(RECORDS Opens)
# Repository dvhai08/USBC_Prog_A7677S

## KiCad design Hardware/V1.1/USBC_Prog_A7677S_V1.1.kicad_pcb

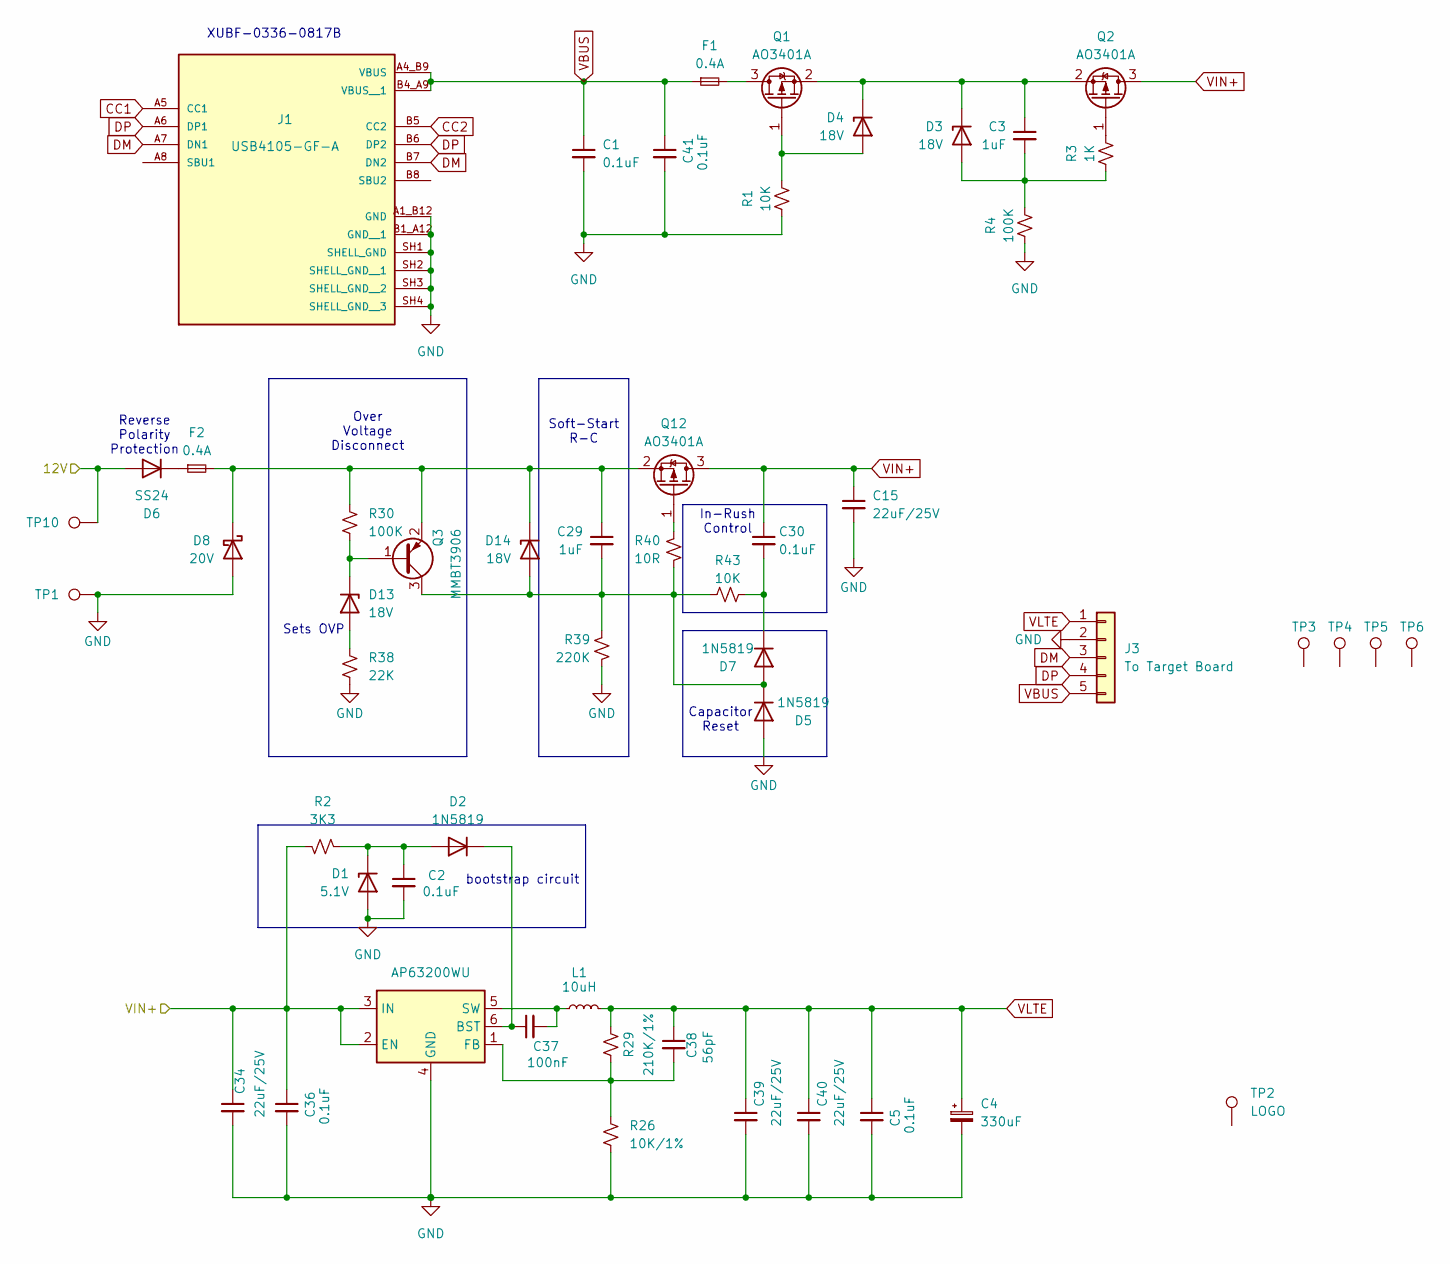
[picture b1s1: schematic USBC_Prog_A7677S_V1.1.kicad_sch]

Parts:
C1, C2, C5, C30, C41: 0.1uF; C_0603_1608Metric
C3, C29: 1uF; C_0603_1608Metric
C4: 330uF; CP_EIA-7343-40_Kemet-Y_Pad2.25x2.55mm_HandSolder
C15, C39, C40: 22uF/25V; C_0805_2012Metric
C34: 22uF/25V; C_0805_2012Metric; Manufacturer P/N CL21A226MAYNNNE
C36: 0.1uF; C_0402_1005Metric
C37: 100nF; C_0402_1005Metric; Manufacturer P/N CL05B104KB5NNNC
C38: 56pF; C_0402_1005Metric; Manufacturer P/N CL05B104KB5NNNC
D1: 5.1V; D_SOD-323_HandSoldering
D2, D5, D7: 1N5819; D_SOD-123
D3, D4, D13, D14: 18V; D_SOD-323_HandSoldering
D6: SS24; D_SMB
D8: 20V; D_SMB; Manufacturer P/N SMAJ20CA
F1, F2: 0.4A; Fuse_1206_3216Metric
J1: USB4105-GF-A; GCT_USB4105-GF-A; PARTREV B4
J3: To Target Board; PinHeader_1x05_P2.54mm_Vertical
L1: 10uH; L_Sunlord_SWPA6028S; Manufacturer P/N NRS8030T100MJGJ
Q1, Q2, Q12: AO3401A; SOT-23
Q3: MMBT3906; SOT-23
R1, R43: 10K; R_0603_1608Metric
R2: 3K3; R_0603_1608Metric
R3: 1K; R_0603_1608Metric
R4, R30: 100K; R_0603_1608Metric
R26: 10K/1%; R_0402_1005Metric; Manufacturer P/N RC0402FR-0715KL
R29: 210K/1%; R_0402_1005Metric; Manufacturer P/N RC0402FR-07210KL
R38: 22K; R_0603_1608Metric
R39: 220K; R_0603_1608Metric
R40: 10R; R_0603_1608Metric
TP1: GND; TestPoint_Pad_D4.0mm
TP2: LOGO; LoGo12mm_NoText
TP3, TP4, TP5, TP6: TestPoint; MountingHole_3mm_Pad
TP10: VIN; TestPoint_Pad_D4.0mm
U3: AP63200WU; TSOT-23-6

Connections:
/12V: D6.2 (A), TP10.1
CC1: J1.A5 (CC1)
CC2: J1.B5 (CC2)
DM: J1.A7 (DN1), J1.B7 (DN2), J3.3
DP: J1.A6 (DP1), J1.B6 (DP2), J3.4
GND: C1.2, C2.2, C4.2, C5.2, C15.2, C34.2, C36.2, C39.2, C40.2, C41.2, D1.2 (A), D5.2 (A), D8.2 (A), J1.A1_B12 (GND), J1.B1_A12 (GND__1), J1.SH1 (SHELL_GND), J1.SH2 (SHELL_GND__1), J1.SH3 (SHELL_GND__2), J1.SH4 (SHELL_GND__3), J3.2, R1.2, R4.2, R26.2, R38.1, R39.1, TP1.1, U3.4 (GND)
unnamed: C2.1, D1.1 (K), D2.2 (A), R2.1
unnamed: C37.1, D2.1 (K), U3.6 (BST)
unnamed: C3.2, D3.2 (A), R3.2, R4.1
unnamed: C3.1, D3.1 (K), D4.1 (K), Q1.2 (S), Q2.2 (S)
unnamed: D4.2 (A), Q1.1 (G), R1.1
unnamed: D6.1 (K), F2.1
unnamed: C30.2, D7.1 (K), R43.1
unnamed: D13.2 (A), R38.2
unnamed: D13.1 (K), Q3.1 (B), R30.2
unnamed: C29.2, D5.1 (K), D7.2 (A), D14.2 (A), Q3.3 (C), R39.2, R40.1, R43.2
unnamed: C29.1, D8.1 (K), D14.1 (K), F2.2, Q3.2 (E), Q12.2 (S), R30.1
unnamed: F1.2, Q1.3 (D)
unnamed: Q2.1 (G), R3.1
unnamed: Q12.1 (G), R40.2
unnamed: C38.2, R26.1, R29.2, U3.1 (FB)
unnamed: C37.2, L1.2, U3.5 (SW)
VBUS: C1.1, C41.1, F1.1, J1.A4_B9 (VBUS), J1.B4_A9 (VBUS__1), J3.5
VIN+: C15.1, C30.1, C34.1, C36.1, Q2.3 (D), Q12.3 (D), R2.2, U3.2 (EN), U3.3 (IN)
VLTE: C4.1, C5.1, C38.1, C39.1, C40.1, J3.1, L1.1, R29.1

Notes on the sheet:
Sets OVP
Capacitor Reset
Soft-Start R-C
bootstrap circuit
Reverse Polarity Protection
XUBF-0336-0817B
Over Voltage Disconnect
In-Rush Control

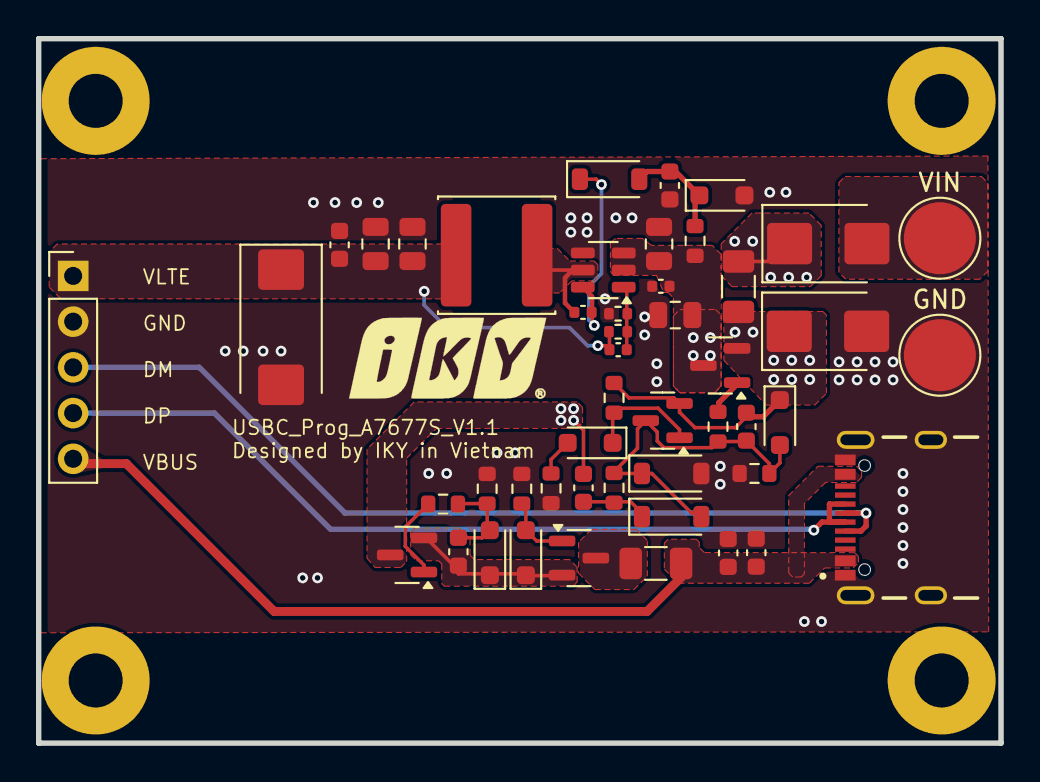
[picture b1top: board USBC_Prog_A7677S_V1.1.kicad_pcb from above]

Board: 2 copper layers, 53.5 x 39.1 mm, 53 parts (0 on the bottom side), 23 nets.

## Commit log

2025-07-16 add readme
(RECORDS Closes)
## [ASSIGNED TASK]
Extract from the records above the lines from the one containing "D6: SS24; D_SMB" to the one containing "unnamed: C3.2, D3.2 (A), R3.2, R4.1", both lines included, exactly as they appear and with nothing else.

## [ANSWER TO THE EXERCISE]
D6: SS24; D_SMB
D8: 20V; D_SMB; Manufacturer P/N SMAJ20CA
F1, F2: 0.4A; Fuse_1206_3216Metric
J1: USB4105-GF-A; GCT_USB4105-GF-A; PARTREV B4
J3: To Target Board; PinHeader_1x05_P2.54mm_Vertical
L1: 10uH; L_Sunlord_SWPA6028S; Manufacturer P/N NRS8030T100MJGJ
Q1, Q2, Q12: AO3401A; SOT-23
Q3: MMBT3906; SOT-23
R1, R43: 10K; R_0603_1608Metric
R2: 3K3; R_0603_1608Metric
R3: 1K; R_0603_1608Metric
R4, R30: 100K; R_0603_1608Metric
R26: 10K/1%; R_0402_1005Metric; Manufacturer P/N RC0402FR-0715KL
R29: 210K/1%; R_0402_1005Metric; Manufacturer P/N RC0402FR-07210KL
R38: 22K; R_0603_1608Metric
R39: 220K; R_0603_1608Metric
R40: 10R; R_0603_1608Metric
TP1: GND; TestPoint_Pad_D4.0mm
TP2: LOGO; LoGo12mm_NoText
TP3, TP4, TP5, TP6: TestPoint; MountingHole_3mm_Pad
TP10: VIN; TestPoint_Pad_D4.0mm
U3: AP63200WU; TSOT-23-6

Connections:
/12V: D6.2 (A), TP10.1
CC1: J1.A5 (CC1)
CC2: J1.B5 (CC2)
DM: J1.A7 (DN1), J1.B7 (DN2), J3.3
DP: J1.A6 (DP1), J1.B6 (DP2), J3.4
GND: C1.2, C2.2, C4.2, C5.2, C15.2, C34.2, C36.2, C39.2, C40.2, C41.2, D1.2 (A), D5.2 (A), D8.2 (A), J1.A1_B12 (GND), J1.B1_A12 (GND__1), J1.SH1 (SHELL_GND), J1.SH2 (SHELL_GND__1), J1.SH3 (SHELL_GND__2), J1.SH4 (SHELL_GND__3), J3.2, R1.2, R4.2, R26.2, R38.1, R39.1, TP1.1, U3.4 (GND)
unnamed: C2.1, D1.1 (K), D2.2 (A), R2.1
unnamed: C37.1, D2.1 (K), U3.6 (BST)
unnamed: C3.2, D3.2 (A), R3.2, R4.1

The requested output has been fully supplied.